Market Risk Measurement and Management
Since our inception in 1999, Rutter Associates has been involved in “sound practice implementations” and “sound practice evaluations” of Market Risk measures and systems for financial institutions, non-financial corporations, and investment portfolios alike. Our partners have extensive backgrounds in market risk management extending back to the 1980s and our analysts have benefitted from academic training in financial engineering at the master’s level as well as earning the GARP FRM designation.
Indeed, our founder, Charles Smithson, was intimately involved in the Group of Thirty’s groundbreaking 1993 work Derivatives: Practices and Principles which may be the first published document to use the word “value-at-risk.”
Market risk is the risk of financial loss due to adverse changes in interest rates, commodity prices, foreign exchange rates, and equity and other asset prices. Market risk is generally gauged using two complementary approaches:
• Probabilistic methods such as Value at Risk or “VaR”, the minimum portfolio “tail” loss calculated at a specified level of probability and horizon, and Expected Tail Loss or “ETL”, the expected loss given that a loss actually occurs within that tail of the distribution.
• Deterministic methods including:
• • Calculation of sensitivities and shocks to underlying risk factors such as interest rates (e.g. duration, DV01, convexity, +/- 100bps), foreign exchange rates, equity prices, volatility, asset correlations, etc.

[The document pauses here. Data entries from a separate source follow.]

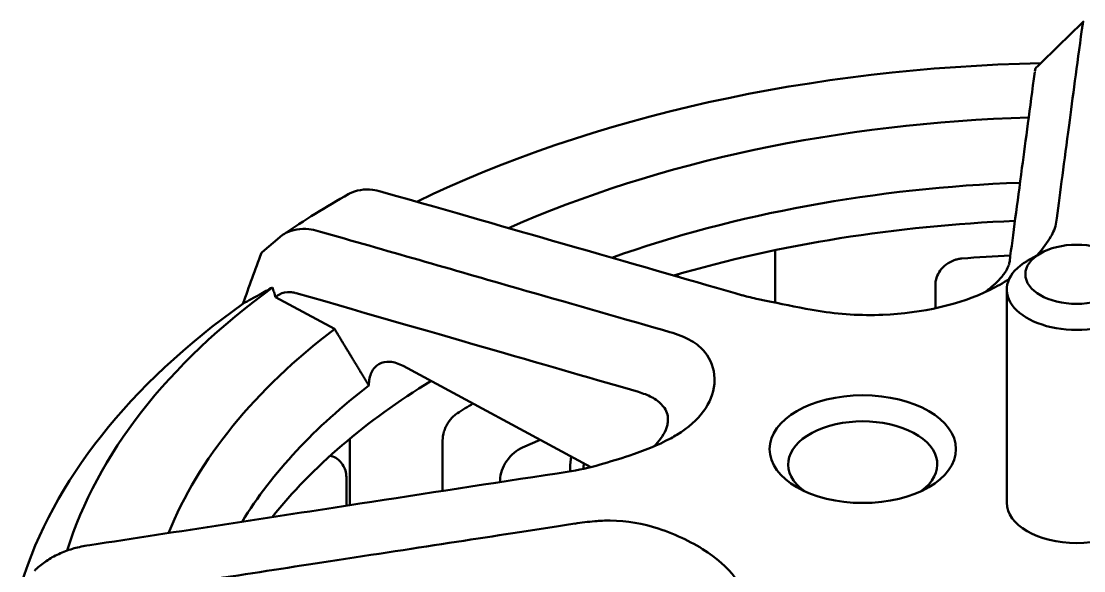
# Model space of a CAD drawing. Header units: millimetres. Extents: x 145 to 303, y 101 to 203.
# Drawn here: x 277.82 to 289.21, y 153.16 to 159.05 of the extents above; entities that cross this region are included whole.
import ezdxf

# ---------------------------------------------------------------- set-up
doc = ezdxf.new("R2010")
doc.units = ezdxf.units.MM
doc.header["$LTSCALE"] = 0.75
doc.layers.add('Visible', color=7, linetype='Continuous', lineweight=50)

msp = doc.modelspace()

# ---------------------------------------------------------------- linework, layer by layer
at = {"layer": 'Visible', "extrusion": (-1e-16, 0.816497, 0.57735)}
for p, q in [((289.193, 158.965), (289.195, 158.978)), ((281.683, 157.225), (281.707, 157.218)), ((288.918, 156.898), (288.924, 156.94)), ((280.589, 156.737), (280.402, 156.577)), ((281.025, 156.796), (281.001, 156.803)), ((285.904, 156.035), (285.904, 156.597)), ((280.402, 156.577), (280.393, 156.569)), ((288.748, 156.563), (288.606, 156.482)), ((284.847, 156.334), (284.873, 156.309)), ((287.622, 156.218), (287.622, 155.974)), ((288.387, 153.889), (288.387, 156.175)), ((280.545, 156.093), (280.549, 156.096)), ((280.545, 156.093), (281.178, 155.752)), ((280.549, 156.096), (280.559, 156.104)), ((285.475, 156.136), (285.554, 156.113)), ((284.774, 155.719), (284.695, 155.742)), ((283.928, 154.271), (281.913, 155.356)), ((285.226, 155.366), (285.226, 155.366)), ((285.253, 155.217), (285.253, 155.221)), ((284.75, 154.824), (284.75, 154.824)), ((284.753, 154.76), (284.753, 154.759)), ((281.342, 153.862), (281.342, 154.575)), ((282.336, 154.555), (282.336, 154.015)), ((283.195, 154.482), (283.384, 154.564)), ((284.78, 154.577), (284.784, 154.579)), ((281.131, 154.393), (281.144, 154.389)), ((283.564, 154.203), (283.672, 154.22)), ((283.704, 154.225), (283.704, 154.259)), ((281.305, 153.856), (281.305, 154.153)), ((282.954, 154.132), (282.954, 154.11)), ((283.753, 153.664), (283.645, 153.647)), ((284.239, 153.692), (284.239, 153.692)), ((284.373, 153.677), (284.373, 153.677)), ((278.519, 153.428), (278.553, 153.433))]:
    msp.add_line(p, q, dxfattribs=at)
at = {"layer": 'Visible'}
for centre, radius, start, end in [((286.414, 148.197), 10.34, 119.4569, 124.0674), ((284.491, 154.695), 1.063, 61.1563, 74.5188), ((284.193, 154.236), 0.875, 68.6856, 73.8833), ((284.317, 154.536), 0.551, 53.9059, 69.3803), ((284.457, 154.727), 0.314, 34.4096, 53.9232), ((284.119, 151.979), 1.718, 89.4632, 95.024)]:
    msp.add_arc(centre, radius, start, end, dxfattribs=at)
at = {"layer": 'Visible', "extrusion": (0, 1e-16, -1)}
msp.add_arc((-288.293, 157.066), 0.653, 202.8174, 209.6469, dxfattribs=at)
at = {"layer": 'Visible', "extrusion": (1e-16, 1e-16, -1)}
msp.add_arc((-287.307, 157.273), 1.409, 230.6218, 233.1332, dxfattribs=at)
at = {"layer": 'Visible', "extrusion": (0, -1e-16, -1)}
msp.add_arc((-283.233, 157.064), 2.878, 253.9777, 261.2204, dxfattribs=at)
at = {"layer": 'Visible', "extrusion": (0, 2e-16, -1)}
msp.add_ellipse((289.137, 152.256), major_axis=(-11, 0), ratio=0.57735, start_param=0.871728, end_param=1.535854, dxfattribs=at)
at = {"layer": 'Visible'}
for centre, major_axis, ratio, start_param, end_param in [((289.137, 152.256), (10, 0), 0.57735, 1.62216, 2.225918), ((286.849, 156.917), (2.072, 0.026), 0.383596, -0.16325, -0.055984), ((289.137, 156.175), (-0.75, 0), 0.57735, -0.785398, 3.926991), ((286.921, 157.056), (-2, 0), 0.57735, 1.639312, 2.270226), ((286.975, 156.946), (2.046, 0.331), 0.427494, 3.878067, 3.985333), ((289.137, 151.848), (11.5, 0), 0.57735, 2.461683, 2.964436), ((286.897, 156.77), (-1.735, 0.016), 0.500535, 1.264546, 1.668155), ((289.137, 152.256), (-10, 0), 0.57735, -0.650324, -0.228245), ((289.137, 153.889), (0.75, 0), 0.57735, 3.141593, 6.283185), ((283.655, 152.431), (1.996, 0.556), 0.572535, 1.256795, 1.364061), ((283.763, 152.654), (-1.888, 0.057), 0.584065, 3.879423, 4.241635), ((283.652, 152.61), (2, 0), 0.57735, 0.068515, 0.69943)]:
    msp.add_ellipse(centre, major_axis=major_axis, ratio=ratio, start_param=start_param, end_param=end_param, dxfattribs=at)
at = {"layer": 'Visible', "extrusion": (0, 1e-16, -1)}
for centre, major_axis, start_param, end_param in [((289.137, 151.848), (9.5, 0), 4.159876, 4.6485), ((289.137, 152.256), (-11, 0), 0.177033, 0.6695), ((289.137, 151.848), (-9.5, 0), 0.34132, 0.645033), ((289.137, 151.44), (-9.5, 0), 0.431477, 0.754101)]:
    msp.add_ellipse(centre, major_axis=major_axis, ratio=0.57735, start_param=start_param, end_param=end_param, dxfattribs=at)
at = {"layer": 'Visible', "extrusion": (1e-16, 2e-16, -1)}
for centre, major_axis, start_param, end_param in [((289.137, 151.44), (-9.5, 0), 1.098872, 1.501161), ((286.843, 154.3), (-0.8, 0), -0.66711, 3.808703)]:
    msp.add_ellipse(centre, major_axis=major_axis, ratio=0.57735, start_param=start_param, end_param=end_param, dxfattribs=at)
at = {"layer": 'Visible', "extrusion": (1e-16, 4e-16, -1)}
msp.add_ellipse((289.137, 156.339), major_axis=(0.55, 0), ratio=0.57735, start_param=1.570796326799183, end_param=7.853981633978769, dxfattribs=at)
at = {"layer": 'Visible', "extrusion": (0, 4e-16, -1)}
msp.add_ellipse((286.848, 156.537), major_axis=(-1.573, 0.029), ratio=0.387454, start_param=3.185506, end_param=3.256014, dxfattribs=at)
at = {"layer": 'Visible', "extrusion": (-1e-16, 2e-16, -1)}
msp.add_ellipse((286.859, 156.474), major_axis=(1.561, 0.043), ratio=0.381721, start_param=0.237639, end_param=0.319371, dxfattribs=at)
at = {"layer": 'Visible', "extrusion": (1e-16, 3e-16, -1)}
msp.add_ellipse((286.852, 156.484), major_axis=(1.569, 0.032), ratio=0.383236, start_param=0.129301, end_param=0.234786, dxfattribs=at)
at = {"layer": 'Visible', "extrusion": (0, -1e-16, -1)}
msp.add_ellipse((280.773, 156.07), major_axis=(-0.139, 0.053), ratio=0.406219, start_param=1.277418, end_param=1.364558, dxfattribs=at)
at = {"layer": 'Visible'}
msp.add_ellipse((286.843, 154.463), major_axis=(1, 0), ratio=0.57735, dxfattribs=at)
at = {"layer": 'Visible', "extrusion": (2e-16, 0, -1)}
msp.add_ellipse((283.195, 154.237), major_axis=(0.185, 0.238), ratio=0.651406, start_param=3.839138, end_param=5.409935, dxfattribs=at)
at = {"layer": 'Visible', "extrusion": (-7.48522e-09, 7.65357e-09, -1)}
msp.add_open_spline([(288.697, 158.549), (288.868, 158.716), (289.039, 158.883), (289.21, 159.051)], degree=3, dxfattribs=at)
at = {"layer": 'Visible'}
for points, knots in [([(289.195, 158.978), (289.198, 158.996), (289.2, 159.011), (289.206, 159.042), (289.21, 159.053), (289.214, 159.053)], [-0.12433718, -0.12433718, -0.12433718, -0.12433718, -0.1111703, -0.1111703, -0.08771736, -0.08771736, -0.08771736, -0.08771736]), ([(288.697, 158.549), (288.695, 158.548), (288.694, 158.544), (288.692, 158.532), (288.69, 158.526), (288.689, 158.517)], [0.09422778, 0.09422778, 0.09422778, 0.09422778, 0.1111703, 0.1111703, 0.12433718, 0.12433718, 0.12433718, 0.12433718]), ([(281.329, 157.2), (281.332, 157.202), (281.335, 157.203), (281.405, 157.241), (281.499, 157.256), (281.615, 157.242), (281.648, 157.235), (281.683, 157.225)], [-0.52148533, -0.52148533, -0.52148533, -0.52148533, -0.51973612, -0.51973612, -0.48259065, -0.48259065, -0.46942377, -0.46942377, -0.46942377, -0.46942377]), ([(281.001, 156.803), (280.966, 156.813), (280.933, 156.819), (280.817, 156.833), (280.723, 156.818), (280.637, 156.772), (280.617, 156.76), (280.599, 156.745)], [-0.12433718, -0.12433718, -0.12433718, -0.12433718, -0.1111703, -0.1111703, -0.07402483, -0.07402483, -0.06344142, -0.06344142, -0.06344142, -0.06344142]), ([(284.695, 155.742), (284.193, 155.886), (283.647, 156.043), (282.456, 156.385), (281.71, 156.6), (281.025, 156.796)], [0, 0, 0, 0, 0.2113018, 0.2113018, 0.5033978, 0.5033978, 0.5033978, 0.5033978]), ([(287.622, 156.218), (287.622, 156.246), (287.626, 156.275), (287.644, 156.329), (287.657, 156.355), (287.692, 156.404), (287.714, 156.427), (287.765, 156.464), (287.793, 156.479), (287.836, 156.495), (287.849, 156.498), (287.87, 156.503), (287.877, 156.504), (287.891, 156.506), (287.898, 156.507), (287.905, 156.508)], [0, 0, 0, 0, 0.00853701, 0.00853701, 0.01731294, 0.01731294, 0.02675158, 0.02675158, 0.03617122, 0.03617122, 0.04034577, 0.04034577, 0.04246798, 0.04246798, 0.04460055, 0.04460055, 0.04460055, 0.04460055]), ([(280.559, 156.104), (280.567, 156.112), (280.576, 156.118), (280.617, 156.142), (280.663, 156.151), (280.72, 156.147), (280.736, 156.144), (280.753, 156.14)], [0.06344142, 0.06344142, 0.06344142, 0.06344142, 0.07402483, 0.07402483, 0.1111703, 0.1111703, 0.12433718, 0.12433718, 0.12433718, 0.12433718]), ([(281.913, 155.356), (281.868, 155.38), (281.814, 155.397), (281.73, 155.404), (281.685, 155.395), (281.621, 155.358), (281.591, 155.324), (281.556, 155.249), (281.545, 155.196), (281.545, 155.146)], [-0.0742685, -0.0742685, -0.0742685, -0.0742685, -0.05560721, -0.05560721, -0.03700871, -0.03700871, -0.01847797, -0.01847797, 0, 0, 0, 0]), ([(282.336, 154.555), (282.336, 154.587), (282.342, 154.62), (282.356, 154.667), (282.362, 154.683), (282.376, 154.713), (282.384, 154.728), (282.41, 154.769), (282.43, 154.795), (282.467, 154.828), (282.481, 154.839), (282.495, 154.848)], [0, 0, 0, 0, 0.00990952, 0.00990952, 0.01492718, 0.01492718, 0.01992199, 0.01992199, 0.02963151, 0.02963151, 0.03505469, 0.03505469, 0.03505469, 0.03505469]), ([(278.553, 153.433), (279.487, 153.577), (280.506, 153.733), (282.133, 153.984), (282.878, 154.098), (283.564, 154.203)], [0, 0, 0, 0, 0.287775, 0.287775, 0.495951, 0.495951, 0.495951, 0.495951]), ([(283.645, 153.647), (282.931, 153.537), (281.495, 153.317), (279.51, 153.012), (278.5, 152.856)], [0.1184655, 0.1184655, 0.1184655, 0.1184655, 0.4506858, 0.6998511, 0.6998511, 0.6998511, 0.6998511]), ([(277.971, 153.171), (278.006, 153.204), (278.044, 153.235), (278.127, 153.291), (278.172, 153.316), (278.266, 153.36), (278.316, 153.379), (278.391, 153.401), (278.415, 153.407), (278.466, 153.419), (278.492, 153.424), (278.519, 153.428)], [0.000001, 0.000001, 0.000001, 0.000001, 0.01627491, 0.01627491, 0.03277218, 0.03277218, 0.04943203, 0.04943203, 0.05734857, 0.05734857, 0.06560073, 0.06560073, 0.06560073, 0.06560073])]:
    msp.add_open_spline(points, degree=3, knots=knots, dxfattribs=at)
at = {"layer": 'Visible', "extrusion": (-6.70172e-08, 8.934e-09, 1)}
msp.add_open_spline([(288.924, 156.94), (288.961, 157.222), (289.036, 157.787), (289.14, 158.567), (289.193, 158.965)], degree=3, knots=[0.1184655, 0.1184655, 0.1184655, 0.1184655, 0.4506858, 0.6998511, 0.6998511, 0.6998511, 0.6998511], dxfattribs=at)
at = {"layer": 'Visible', "extrusion": (-2.06056e-09, 2.74133e-10, 1)}
msp.add_open_spline([(288.688, 158.511), (288.635, 158.113), (288.531, 157.331), (288.456, 156.764), (288.419, 156.481)], degree=3, knots=[-0.6998511, -0.6998511, -0.6998511, -0.6998511, -0.4506858, -0.1184655, -0.1184655, -0.1184655, -0.1184655], dxfattribs=at)
at = {"layer": 'Visible', "extrusion": (5.31998e-10, 1.85214e-09, 1)}
msp.add_open_spline([(281.707, 157.218), (282.447, 157.006), (283.901, 156.589), (284.952, 156.287), (285.475, 156.136)], degree=3, knots=[0.2160154, 0.2160154, 0.2160154, 0.2160154, 0.4651806, 0.7974009, 0.7974009, 0.7974009, 0.7974009], dxfattribs=at)
at = {"layer": 'Visible', "extrusion": (6.33072e-09, -7.54024e-09, 1)}
msp.add_open_spline([(280.599, 156.745), (280.596, 156.743), (280.593, 156.74), (280.589, 156.737)], degree=3, dxfattribs=at)
at = {"layer": 'Visible', "extrusion": (-7.4464e-11, 4.92558e-11, -1)}
msp.add_open_spline([(288.714, 156.544), (288.777, 156.615), (288.826, 156.682), (288.86, 156.743)], degree=3, dxfattribs=at)
at = {"layer": 'Visible', "extrusion": (1.4507e-09, -5.30271e-10, 1)}
msp.add_open_spline([(280.393, 156.569), (280.359, 156.478), (280.326, 156.387), (280.26, 156.205), (280.227, 156.114), (280.194, 156.022)], degree=3, knots=[0, 0, 0, 0, 0.02943772, 0.02943772, 0.05887542, 0.05887542, 0.05887542, 0.05887542], dxfattribs=at)
at = {"layer": 'Visible'}
for points in [[(287.905, 156.508), (288.078, 156.522), (288.252, 156.533), (288.427, 156.541)], [(280.766, 156.137), (282.431, 155.657), (283.536, 155.338), (284.436, 155.077)], [(285.15, 155.502), (285.112, 155.55), (285.062, 155.592), (285.004, 155.626)], [(282.495, 154.848), (282.55, 154.884), (282.606, 154.918), (282.662, 154.953)], [(283.704, 154.259), (283.704, 154.301), (283.708, 154.343), (283.715, 154.386)], [(283.844, 154.252), (283.847, 154.271), (283.85, 154.291), (283.855, 154.311)], [(284.649, 153.611), (284.487, 153.664), (284.314, 153.694), (284.135, 153.696)]]:
    msp.add_open_spline(points, degree=3, dxfattribs=at)
at = {"layer": 'Visible', "extrusion": (4.82992e-11, -4.91285e-11, -1)}
msp.add_open_spline([(288.347, 156.327), (288.312, 156.285), (288.264, 156.236), (288.201, 156.184)], degree=3, dxfattribs=at)
at = {"layer": 'Visible', "extrusion": (9.95176e-11, -1.97786e-10, -1)}
msp.add_open_spline([(288.208, 156.172), (288.281, 156.208), (288.349, 156.246), (288.412, 156.286)], degree=3, dxfattribs=at)
at = {"layer": 'Visible', "extrusion": (-6.24065e-09, 1.13002e-08, 1)}
msp.add_open_spline([(280.373, 156.121), (280.42, 156.147), (280.466, 156.173), (280.511, 156.198)], degree=3, dxfattribs=at)
at = {"layer": 'Visible', "extrusion": (-4.15213e-08, -1.33167e-08, 1)}
msp.add_open_spline([(280.545, 156.093), (280.539, 156.11), (280.534, 156.128), (280.522, 156.163), (280.517, 156.18), (280.511, 156.198)], degree=3, knots=[0, 0, 0, 0, 0.009249, 0.009249, 0.01849801, 0.01849801, 0.01849801, 0.01849801], dxfattribs=at)
at = {"layer": 'Visible', "extrusion": (5.66157e-09, -1.02474e-08, 1)}
msp.add_open_spline([(280.194, 156.022), (280.254, 156.056), (280.314, 156.089), (280.373, 156.121)], degree=3, dxfattribs=at)
at = {"layer": 'Visible', "extrusion": (2.98605e-09, 1.44926e-08, 1)}
msp.add_open_spline([(285.721, 156.073), (285.744, 156.068), (285.767, 156.063), (285.813, 156.054), (285.837, 156.049), (285.861, 156.044)], degree=3, knots=[0, 0, 0, 0, 0.00866852, 0.00866852, 0.01734815, 0.01734815, 0.01734815, 0.01734815], dxfattribs=at)
at = {"layer": 'Visible', "extrusion": (9.3419e-12, 5.83041e-11, -1)}
msp.add_open_spline([(285.861, 156.044), (286.016, 156.012), (286.188, 155.976), (286.366, 155.947)], degree=3, dxfattribs=at)
at = {"layer": 'Visible', "extrusion": (2.36109e-09, 1.42989e-09, 1)}
msp.add_rational_spline([(281.178, 155.752), (281.366, 155.441), (281.545, 155.146)], [1.00391810173, 1.00435650085, 1.00412744876], degree=2, dxfattribs=at)
at = {"layer": 'Visible', "extrusion": (1.71225e-11, 7.269e-12, -1)}
msp.add_open_spline([(285.253, 155.221), (285.25, 155.327), (285.213, 155.423), (285.15, 155.502)], degree=3, dxfattribs=at)
at = {"layer": 'Visible', "extrusion": (-8.7765e-12, 1.4023e-12, -1)}
msp.add_open_spline([(285.135, 154.87), (285.2, 154.959), (285.243, 155.06), (285.253, 155.181), (285.254, 155.199), (285.253, 155.217)], degree=3, knots=[-0.47549817, -0.47549817, -0.47549817, -0.47549817, -0.44217618, -0.44217618, -0.43634365, -0.43634365, -0.43634365, -0.43634365], dxfattribs=at)
at = {"layer": 'Visible', "extrusion": (-6.6384e-12, 7.988e-12, -1)}
msp.add_open_spline([(284.716, 154.905), (284.745, 154.861), (284.758, 154.813), (284.753, 154.76)], degree=3, dxfattribs=at)
at = {"layer": 'Visible', "extrusion": (1.35654e-11, -1.33255e-11, -1)}
msp.add_open_spline([(284.784, 154.579), (284.807, 154.592), (284.829, 154.605), (284.973, 154.693), (285.07, 154.782), (285.135, 154.87)], degree=3, knots=[-0.5146527, -0.5146527, -0.5146527, -0.5146527, -0.50882017, -0.50882017, -0.47549817, -0.47549817, -0.47549817, -0.47549817], dxfattribs=at)
at = {"layer": 'Visible', "extrusion": (1.08898e-10, -5.03544e-11, -1)}
msp.add_open_spline([(284.753, 154.759), (284.752, 154.744), (284.749, 154.729), (284.741, 154.699), (284.736, 154.684), (284.716, 154.638), (284.698, 154.606), (284.674, 154.575)], degree=3, knots=[-0.03584286, -0.03584286, -0.03584286, -0.03584286, -0.02683039, -0.02683039, -0.01792196, -0.01792196, 0, 0, 0, 0], dxfattribs=at)
at = {"layer": 'Visible', "extrusion": (3.06712e-11, -8.05757e-11, -1)}
msp.add_open_spline([(284.334, 154.392), (284.495, 154.446), (284.646, 154.505), (284.78, 154.577)], degree=3, dxfattribs=at)
at = {"layer": 'Visible', "extrusion": (2.92146e-11, -4.55282e-11, -1)}
msp.add_open_spline([(284.674, 154.575), (284.655, 154.547), (284.631, 154.52), (284.604, 154.493)], degree=3, dxfattribs=at)
at = {"layer": 'Visible', "extrusion": (1.11528e-06, 3.62883e-06, 1)}
msp.add_open_spline([(281.144, 154.389), (281.144, 154.389), (281.144, 154.389), (281.144, 154.389)], degree=3, dxfattribs=at)
at = {"layer": 'Visible', "extrusion": (7.1119e-12, 6.8824e-12, -1)}
msp.add_open_spline([(281.144, 154.389), (281.166, 154.382), (281.186, 154.372), (281.223, 154.346), (281.24, 154.33), (281.268, 154.293), (281.279, 154.272), (281.296, 154.227), (281.301, 154.203), (281.304, 154.17), (281.304, 154.162), (281.304, 154.153)], degree=3, knots=[0, 0, 0, 0, 0.00684264, 0.00684264, 0.01368236, 0.01368236, 0.02100593, 0.02100593, 0.02871984, 0.02871984, 0.03128423, 0.03128423, 0.03128423, 0.03128423], dxfattribs=at)
at = {"layer": 'Visible', "extrusion": (1.60975e-11, -4.11562e-11, -1)}
msp.add_open_spline([(284.027, 154.298), (284.133, 154.328), (284.236, 154.36), (284.334, 154.392)], degree=3, dxfattribs=at)
at = {"layer": 'Visible', "extrusion": (-0.000295608, 3.35608e-06, 1)}
msp.add_open_spline([(284.507, 153.651), (284.507, 153.651), (284.507, 153.651), (284.507, 153.651)], degree=3, dxfattribs=at)
at = {"layer": 'Visible', "extrusion": (1.43068e-08, -1.48274e-08, 1)}
msp.add_open_spline([(277.958, 153.158), (277.963, 153.163), (277.967, 153.167), (277.971, 153.171)], degree=3, dxfattribs=at)

doc.saveas('drawing.dxf')

• • Stress tests involving calculation of portfolio losses under historical loss scenarios such as the 1987 stock market crash, “9/11”, the 2007-2009 “great recession”, the March 2020 – April 2020 deep but brief “covid recession”.
• • Stress tests involving hypothetical stress capturing improbable but not implausible shocks to rates and prices, including “reverse” stress tests designed to help understand “breaking points” of an institution.
Market risk management entails first understanding and articulating risk appetite and then articulating risk tolerance, typically expressed as both soft “yellow light” and hard “red light” limits on the metrics discussed above.
Rutter Associates is well positioned to assist banks, insurance companies, prime brokerages, portfolio managers and others in building out or reviewing market risk management programs, guidelines, and limit sets.
Representative assignments include:
• Rutter Associates assisted an arbitration panel in identifying and understanding the shortfalls in the market risk management of a prime brokerage operation th reat suffered large losses as a result of the failure of a large family office.
• Rutter Associates employed CCAR-type stress tests to assess the capital adequacy of a large financial institution.
• To help satisfy U.S. financial regulatory requirements, Rutter Associates reviewed a new Market Utility’s VaR-based margin calculator from both a theoretical standpoint and an empirical one, employing rigorous back-testing methodologies.
• Rutter Associates assisted a large U.S. bank in translating the CCAR “stress test” vectors specified by regulators into a larger set of transformed vectors that could populate the bank’s own risk management systems and permit robust stress testing consistent with the regulatory scenarios.
• Rutter Associates developed and implemented a VaR-based margin calculator for a Central Counterparty (CCP) and reviewed its Stress Test protocol used to establish capital adequacy and satisfy regulatory oversight.
• Rutter Associates advised a multinational oil company in the development of its market risk measurement and hedging policies.